> TASK BRIEF
Please set down exactly the lines of the listing below from the line containing "Wheel torque : Inport" through the line containing "data: u input; y output; gb input; r input", both lines included, leaving out all other lines.

> RECORD SET
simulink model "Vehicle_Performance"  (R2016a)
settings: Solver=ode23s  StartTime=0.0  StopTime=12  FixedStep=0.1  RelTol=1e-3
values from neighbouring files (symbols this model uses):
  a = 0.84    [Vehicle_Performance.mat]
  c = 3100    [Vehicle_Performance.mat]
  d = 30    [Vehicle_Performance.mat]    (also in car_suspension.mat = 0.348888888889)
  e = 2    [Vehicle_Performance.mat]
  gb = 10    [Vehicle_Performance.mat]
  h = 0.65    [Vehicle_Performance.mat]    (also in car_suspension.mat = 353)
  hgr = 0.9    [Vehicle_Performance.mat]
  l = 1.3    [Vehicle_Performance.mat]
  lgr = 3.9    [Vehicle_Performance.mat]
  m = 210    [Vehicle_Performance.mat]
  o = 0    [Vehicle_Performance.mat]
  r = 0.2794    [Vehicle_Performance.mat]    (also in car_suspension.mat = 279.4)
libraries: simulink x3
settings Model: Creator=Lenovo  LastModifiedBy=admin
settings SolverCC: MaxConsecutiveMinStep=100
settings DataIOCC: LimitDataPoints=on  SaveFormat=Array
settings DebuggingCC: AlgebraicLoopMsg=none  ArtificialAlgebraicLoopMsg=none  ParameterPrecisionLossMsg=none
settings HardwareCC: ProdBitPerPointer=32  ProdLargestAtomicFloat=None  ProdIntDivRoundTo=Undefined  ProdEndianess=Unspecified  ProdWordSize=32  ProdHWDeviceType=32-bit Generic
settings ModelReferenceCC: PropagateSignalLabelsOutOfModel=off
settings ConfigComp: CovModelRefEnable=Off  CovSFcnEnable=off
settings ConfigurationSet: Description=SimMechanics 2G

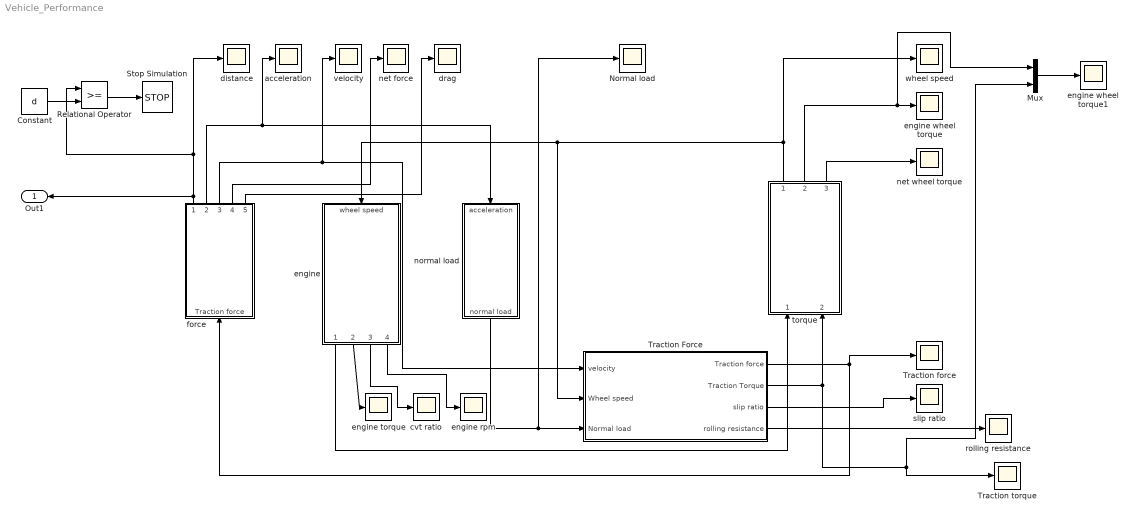
== system Vehicle_Performance ==
  Constant : Constant  Value=d
  Mux : Mux  Inputs=2
  Normal load : Scope
  Relational Operator : RelationalOperator  OutDataTypeStr=boolean
  Stop Simulation : Stop
  Traction Force : Subsystem
  Traction force : Scope
  Traction torque : Scope
  acceleration : Scope
  cvt ratio : Scope
  distance : Scope
  drag : Scope
  "engine " : Subsystem
  engine rpm : Scope
  engine torque : Scope
  engine wheel torque : Scope
  engine wheel torque1 : Scope
  force : Subsystem
  net force : Scope
  net wheel torque : Scope
  normal load : Subsystem
  rolling resistance : Scope
  slip ratio : Scope
  torque : Subsystem
  "velocity " : Scope
  "wheel speed " : Scope
  Out1 : Outport
  wires:
  "engine "/1("wheel torque ") -> torque/1(Wheel torque)
  torque/1("wheel speed ") -> "engine "/1("wheel speed "), Traction Force/2(Wheel speed), "wheel speed "/1
  force/2(acceleration) -> normal load/1(acceleration), acceleration/1
  force/3(Velocity) -> "velocity "/1, Traction Force/1(velocity)
  normal load/1("normal load ") -> Normal load/1, Traction Force/3(Normal load)
  Traction Force/1(Traction force) -> Traction force/1, force/1(Traction force)
  force/1(distance) -> Relational Operator/1, distance/1, Out1/1
  Traction Force/3(slip ratio) -> slip ratio/1
  Traction Force/2(Traction Torque) -> torque/2(Traction torque), Mux/2, Traction torque/1
  torque/3(net wheel torque) -> net wheel torque/1
  force/4(net force) -> net force/1
  force/5(drag force) -> drag/1
  Traction Force/4(rolling resistance) -> rolling resistance/1
  Constant/1 -> Relational Operator/2
  Relational Operator/1 -> Stop Simulation/1
  torque/2(engine wheel torque) -> Mux/1, engine wheel torque/1
  "engine "/2("engine torque  ") -> engine torque/1
  Mux/1 -> engine wheel torque1/1
  "engine "/3(cvt ratio) -> cvt ratio/1
  "engine "/4(engine rpm) -> engine rpm/1

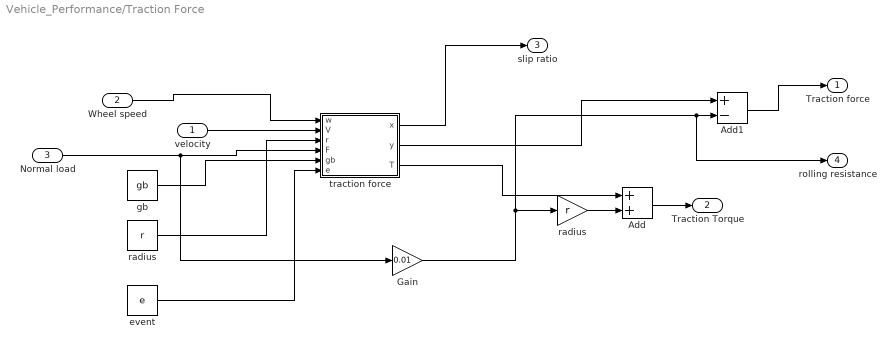
== system Vehicle_Performance/Traction Force ==
  velocity : Inport
  Wheel speed : Inport  Port=2
  Normal load : Inport  Port=3
  Add : Sum
  Add1 : Sum  Inputs=+-
  Gain : Gain  Gain=0.01
  event : Constant  Value=e
  "gb " : Constant  Value=gb
  radius : Gain  Gain=r
  "radius " : Constant  Value=r
  "traction force " : MATLAB Function  TreatAsAtomicUnit=on
  Traction force : Outport
  Traction Torque : Outport  Port=2
  slip ratio : Outport  Port=3
  rolling resistance : Outport  Port=4
  wires:
  velocity/1 -> "traction force "/2(V)
  Wheel speed/1 -> "traction force "/1(w)
  "gb "/1 -> "traction force "/5(gb)
  Normal load/1 -> "traction force "/4(F), Gain/1
  "traction force "/1(x) -> slip ratio/1
  Add/1 -> Traction Torque/1
  "traction force "/3(T) -> Add/1
  Gain/1 -> radius/1, rolling resistance/1, Add1/2
  Add1/1 -> Traction force/1
  "traction force "/2(y) -> Add1/1
  radius/1 -> Add/2
  "radius "/1 -> "traction force "/3(r)
  event/1 -> "traction force "/6(e)

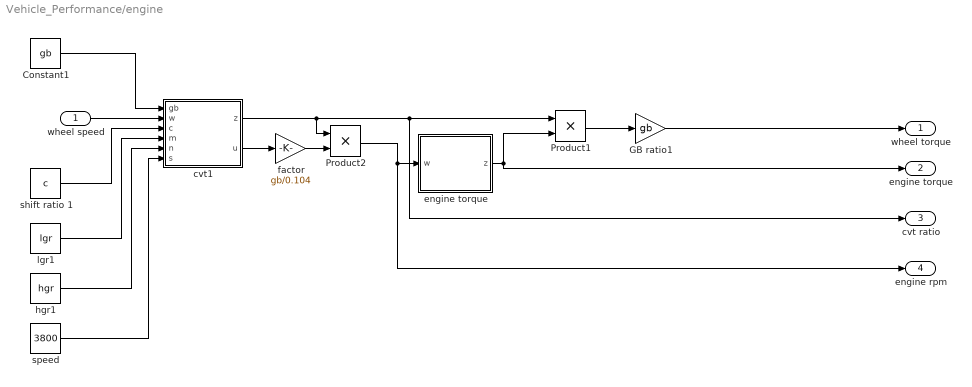
== system Vehicle_Performance/engine  ==
  "wheel speed " : Inport
  Constant1 : Constant  Value=gb
  GB ratio1 : Gain  Gain=gb
  Product1 : Product
  Product2 : Product
  cvt1 : MATLAB Function  TreatAsAtomicUnit=on
  engine torque : MATLAB Function  TreatAsAtomicUnit=on
  factor : Gain  Gain=gb/0.104
  hgr1 : Constant  Value=hgr
  lgr1 : Constant  Value=lgr
  shift ratio 1 : Constant  Value=c
  speed : Constant  Value=3800
  "wheel torque " : Outport
  "engine torque  " : Outport  Port=2
  cvt ratio : Outport  Port=3
  engine rpm : Outport  Port=4
  wires:
  Product1/1 -> GB ratio1/1
  engine torque/1(z) -> "engine torque  "/1, Product1/2
  cvt1/1(z) -> cvt ratio/1, Product1/1, Product2/1
  cvt1/2(u) -> factor/1
  factor/1 -> Product2/2
  Constant1/1 -> cvt1/1(gb)
  shift ratio 1/1 -> cvt1/3(c)
  lgr1/1 -> cvt1/4(m)
  hgr1/1 -> cvt1/5(n)
  speed/1 -> cvt1/6(s)
  Product2/1 -> engine rpm/1, engine torque/1(w)
  GB ratio1/1 -> "wheel torque "/1
  "wheel speed "/1 -> cvt1/2(w)

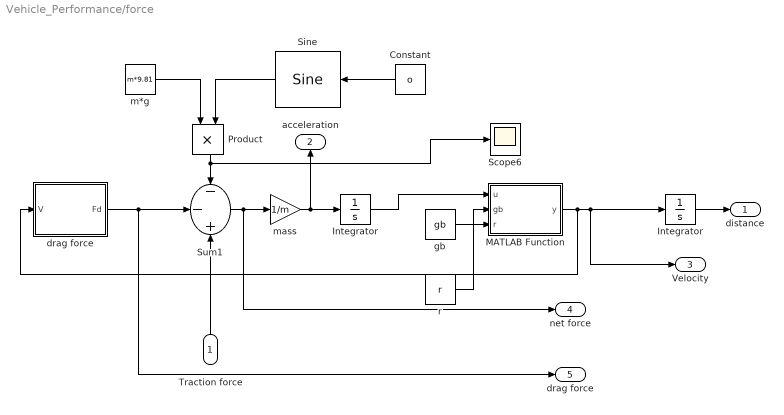
== system Vehicle_Performance/force ==
  Traction force : Inport
  Constant : Constant  Value=o
  "Integrator " : Integrator  LimitOutput=on  UpperSaturationLimit=r*395.2/(gb*hgr)
  "Integrator " : Integrator
  MATLAB Function : MATLAB Function  TreatAsAtomicUnit=on
  Product : Product
  Scope6 : Scope
  Sine : simulink/Lookup Tables/Sine  Formula=sin(2*pi*u)  NumDataPoints=(2^5)+1  OutputWordLength=16  InternalRulePriority=Speed
  Sum1 : Sum  Inputs=--+
  "drag force " : MATLAB Function  TreatAsAtomicUnit=on
  gb : Constant  Value=gb
  m*g : Constant  Value=m*9.81
  mass : Gain  Gain=1/m
  r : Constant  Value=r
  distance : Outport
  acceleration : Outport  Port=2
  Velocity : Outport  Port=3
  net force : Outport  Port=4
  drag force : Outport  Port=5
  wires:
  Sum1/1 -> net force/1, mass/1
  mass/1 -> acceleration/1, "Integrator "/1
  "Integrator "/1 -> distance/1
  Constant/1 -> Sine/1
  m*g/1 -> Product/1
  Sine/1 -> Product/2
  Product/1 -> Sum1/1, Scope6/1
  Traction force/1 -> Sum1/3
  "drag force "/1(Fd) -> Sum1/2, drag force/1
  MATLAB Function/1(y) -> "drag force "/1(V), Velocity/1, "Integrator "/1
  "Integrator "/1 -> MATLAB Function/1(u)
  gb/1 -> MATLAB Function/2(gb)
  r/1 -> MATLAB Function/3(r)

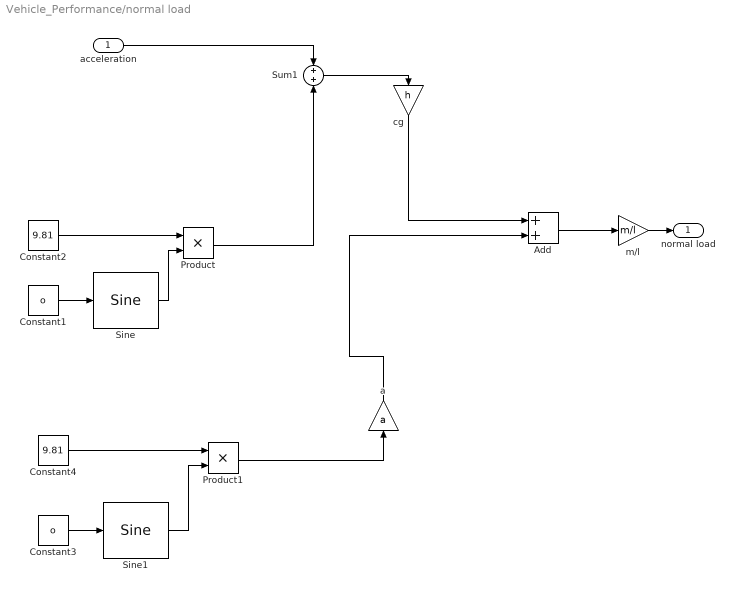
== system Vehicle_Performance/normal load ==
  acceleration : Inport
  Add : Sum
  Constant1 : Constant  Value=o
  Constant2 : Constant  Value=9.81
  Constant3 : Constant  Value=o
  Constant4 : Constant  Value=9.81
  Product : Product
  Product1 : Product
  Sine : simulink/Lookup Tables/Sine  Formula=sin(2*pi*u)  NumDataPoints=(2^5)+1  OutputWordLength=16  InternalRulePriority=Speed
  Sine1 : simulink/Lookup Tables/Sine  Formula=cos(2*pi*u)  NumDataPoints=(2^5)+1  OutputWordLength=16  InternalRulePriority=Speed
  Sum1 : Sum
  a : Gain  Gain=a
  cg : Gain  Gain=h
  m/l : Gain  Gain=m/l
  "normal load " : Outport
  wires:
  m/l/1 -> "normal load "/1
  Constant3/1 -> Sine1/1
  Constant4/1 -> Product1/1
  Sine1/1 -> Product1/2
  Product1/1 -> a/1
  cg/1 -> Add/1
  Constant1/1 -> Sine/1
  Constant2/1 -> Product/1
  Sine/1 -> Product/2
  a/1 -> Add/2
  Add/1 -> m/l/1
  acceleration/1 -> Sum1/1
  Product/1 -> Sum1/2
  Sum1/1 -> cg/1

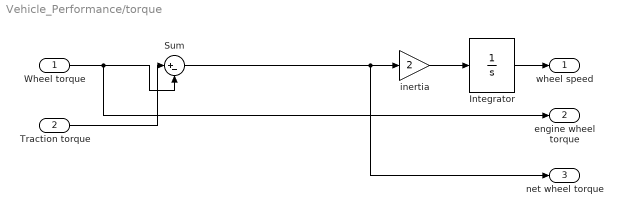
== system Vehicle_Performance/torque ==
  Wheel torque : Inport
  Traction torque : Inport  Port=2
  Integrator : Integrator  InitialCondition=187.2/(lgr*gb)  LimitOutput=on  UpperSaturationLimit=395.2/(gb*hgr)
  Sum : Sum  Inputs=|+-
  inertia : Gain  Gain=2
  "wheel speed " : Outport
  engine wheel torque : Outport  Port=2
  net wheel torque : Outport  Port=3
  wires:
  inertia/1 -> Integrator/1
  Traction torque/1 -> Sum/1
  Wheel torque/1 -> Sum/2, engine wheel torque/1
  Integrator/1 -> "wheel speed "/1
  Sum/1 -> net wheel torque/1, inertia/1

== matlab function Vehicle_Performance/force/MATLAB Function ==
  data: u input; y output; gb input; r input
function y = fcn(u,gb,r)
if u<r*(395.2/(gb*0.9))
    y= u;
else
    y =r*(395.2/(gb*0.9));
end

== matlab function Vehicle_Performance/Traction Force/traction force  ==
  data: x output; w input; y output; V input; r input; F input; T output; gb input; e input
function [x,y,T] = fcn(w,V,r,F,gb,e)
if e == 1
if w<(925.43/gb)
    b = 0.2794*w - V;
    if V > 0.1
    x = b/V;
    else
    x = (2*b/(0.1 + V^2/0.1));
    end
else
    b = 0.2921*(925.43/gb) - V;
    if V > 0.1
    x = b/V;
    else
    x = (2*b/(0.1 + V^2/0.1));
     end
end
y = F*0.75*sin(2.4*atan((7*x-(7*x-atan(7*x)))));
T = y * r;
else
    if w<(925.43/gb)
    b = 0.2794*w - V;
    if V > 0.1
    x = b/V;
    else
    x = (2*b/(0.1 + V^2/0.1));
    end
else
    b = 0.2921*(925.43/gb) - V;
    if V > 0.1
    x = b/V;
    else
    x = (2*b/(0.1 + V^2/0.1));
    end
end
y = F*0.9*sin(1.8*atan((7*x-(7*x-atan(7*x)))));
T = y * r;
end

== matlab function Vehicle_Performance/force/drag force  ==
  data: Fd output; V input
function Fd  = fcn(V)
if V>0
Fd = 0.5*1.225*0.75*0.7*V^2;
else
    Fd= - 0.5*1.225*0.75*0.7*V^2;
end

== matlab function Vehicle_Performance/engine /cvt1 ==
  data: z output; u output; gb input; w input; c input; m input; n input; s input
function [z,u] = fcn(gb,w,c,m,n,s)
 if w < (s*0.104/(gb*n)) 
  if w < (c*0.104/(m*gb))
  z = m;
  else 
  x = [c*0.104/(gb*m) (c*0.104/gb + (s*0.104-0.104*c)/(gb*10))/(m-((m-n)/10)) (c*0.104/gb + 2*(s*0.104-0.104*c)/(gb*10))/(m-2*((m-n)/10)) (c*0.104/gb + 3*(s*0.104-0.104*c)/(gb*10))/(m-3*((m-n)/10)) (c*0.104/gb + 4*(s*0.104-0.104*c)/(gb*10))/(m-4*((m-n)/10)) (c*0.104/gb + 5*(s*0.104-0.104*c)/(gb*10))/(m-5*((m-n)/10)) (c*0.104/gb + 6*(s*0.104-0.104*c)/(gb*10))/(m-6*((m-n)/10)) (c*0.104/gb + 7*(s*0.104-0.104*c)/(gb*10))/(m-7*((m-n)/10)) (c*0.104/gb + 8*(s*0.104-0.104*c)/(gb*10))/(m-8*((m-n)/10)) (c*0.104/gb + 9*(395.2-0.104*c)/(gb*10))/(m-9*((m-n)/10)) ((c*0.104/gb + 9*(395.2-0.104*c)/(gb*10))+395.2/gb)/(2*(m+19*n)/20) s*0.104/(gb*n)];
  y = [m m-((m-n)/10) m-2*((m-n)/10) m-3*((m-n)/10) m-4*((m-n)/10) m-5*((m-n)/10) m-6*((m-n)/10) m-7*((m-n)/10) m-8*((m-n)/10) m-9*((m-n)/10) (m+19*n)/20 n];
  t = polyfit(x,y,5); 
  z = polyval(t,w);
 end
 else
  z = n;
 end
  if w<(395.2/(gb*n))
      u = w;
  else
      u = (395.2/(gb*n));
  end

== matlab function Vehicle_Performance/engine /engine torque ==
  data: w input; z output
function z = fcn(w)
if w<3800
x = [1700 2000 2300 2600 2900 3200 3500 3800];
y = [18 19 19 18 17 17 17 16];
t = polyfit(x,y,6);
z = polyval(t,w);
else
    z = 16
end

> ANSWER BOX
  Wheel torque : Inport
  Traction torque : Inport  Port=2
  Integrator : Integrator  InitialCondition=187.2/(lgr*gb)  LimitOutput=on  UpperSaturationLimit=395.2/(gb*hgr)
  Sum : Sum  Inputs=|+-
  inertia : Gain  Gain=2
  "wheel speed " : Outport
  engine wheel torque : Outport  Port=2
  net wheel torque : Outport  Port=3
  wires:
  inertia/1 -> Integrator/1
  Traction torque/1 -> Sum/1
  Wheel torque/1 -> Sum/2, engine wheel torque/1
  Integrator/1 -> "wheel speed "/1
  Sum/1 -> net wheel torque/1, inertia/1

== matlab function Vehicle_Performance/force/MATLAB Function ==
  data: u input; y output; gb input; r input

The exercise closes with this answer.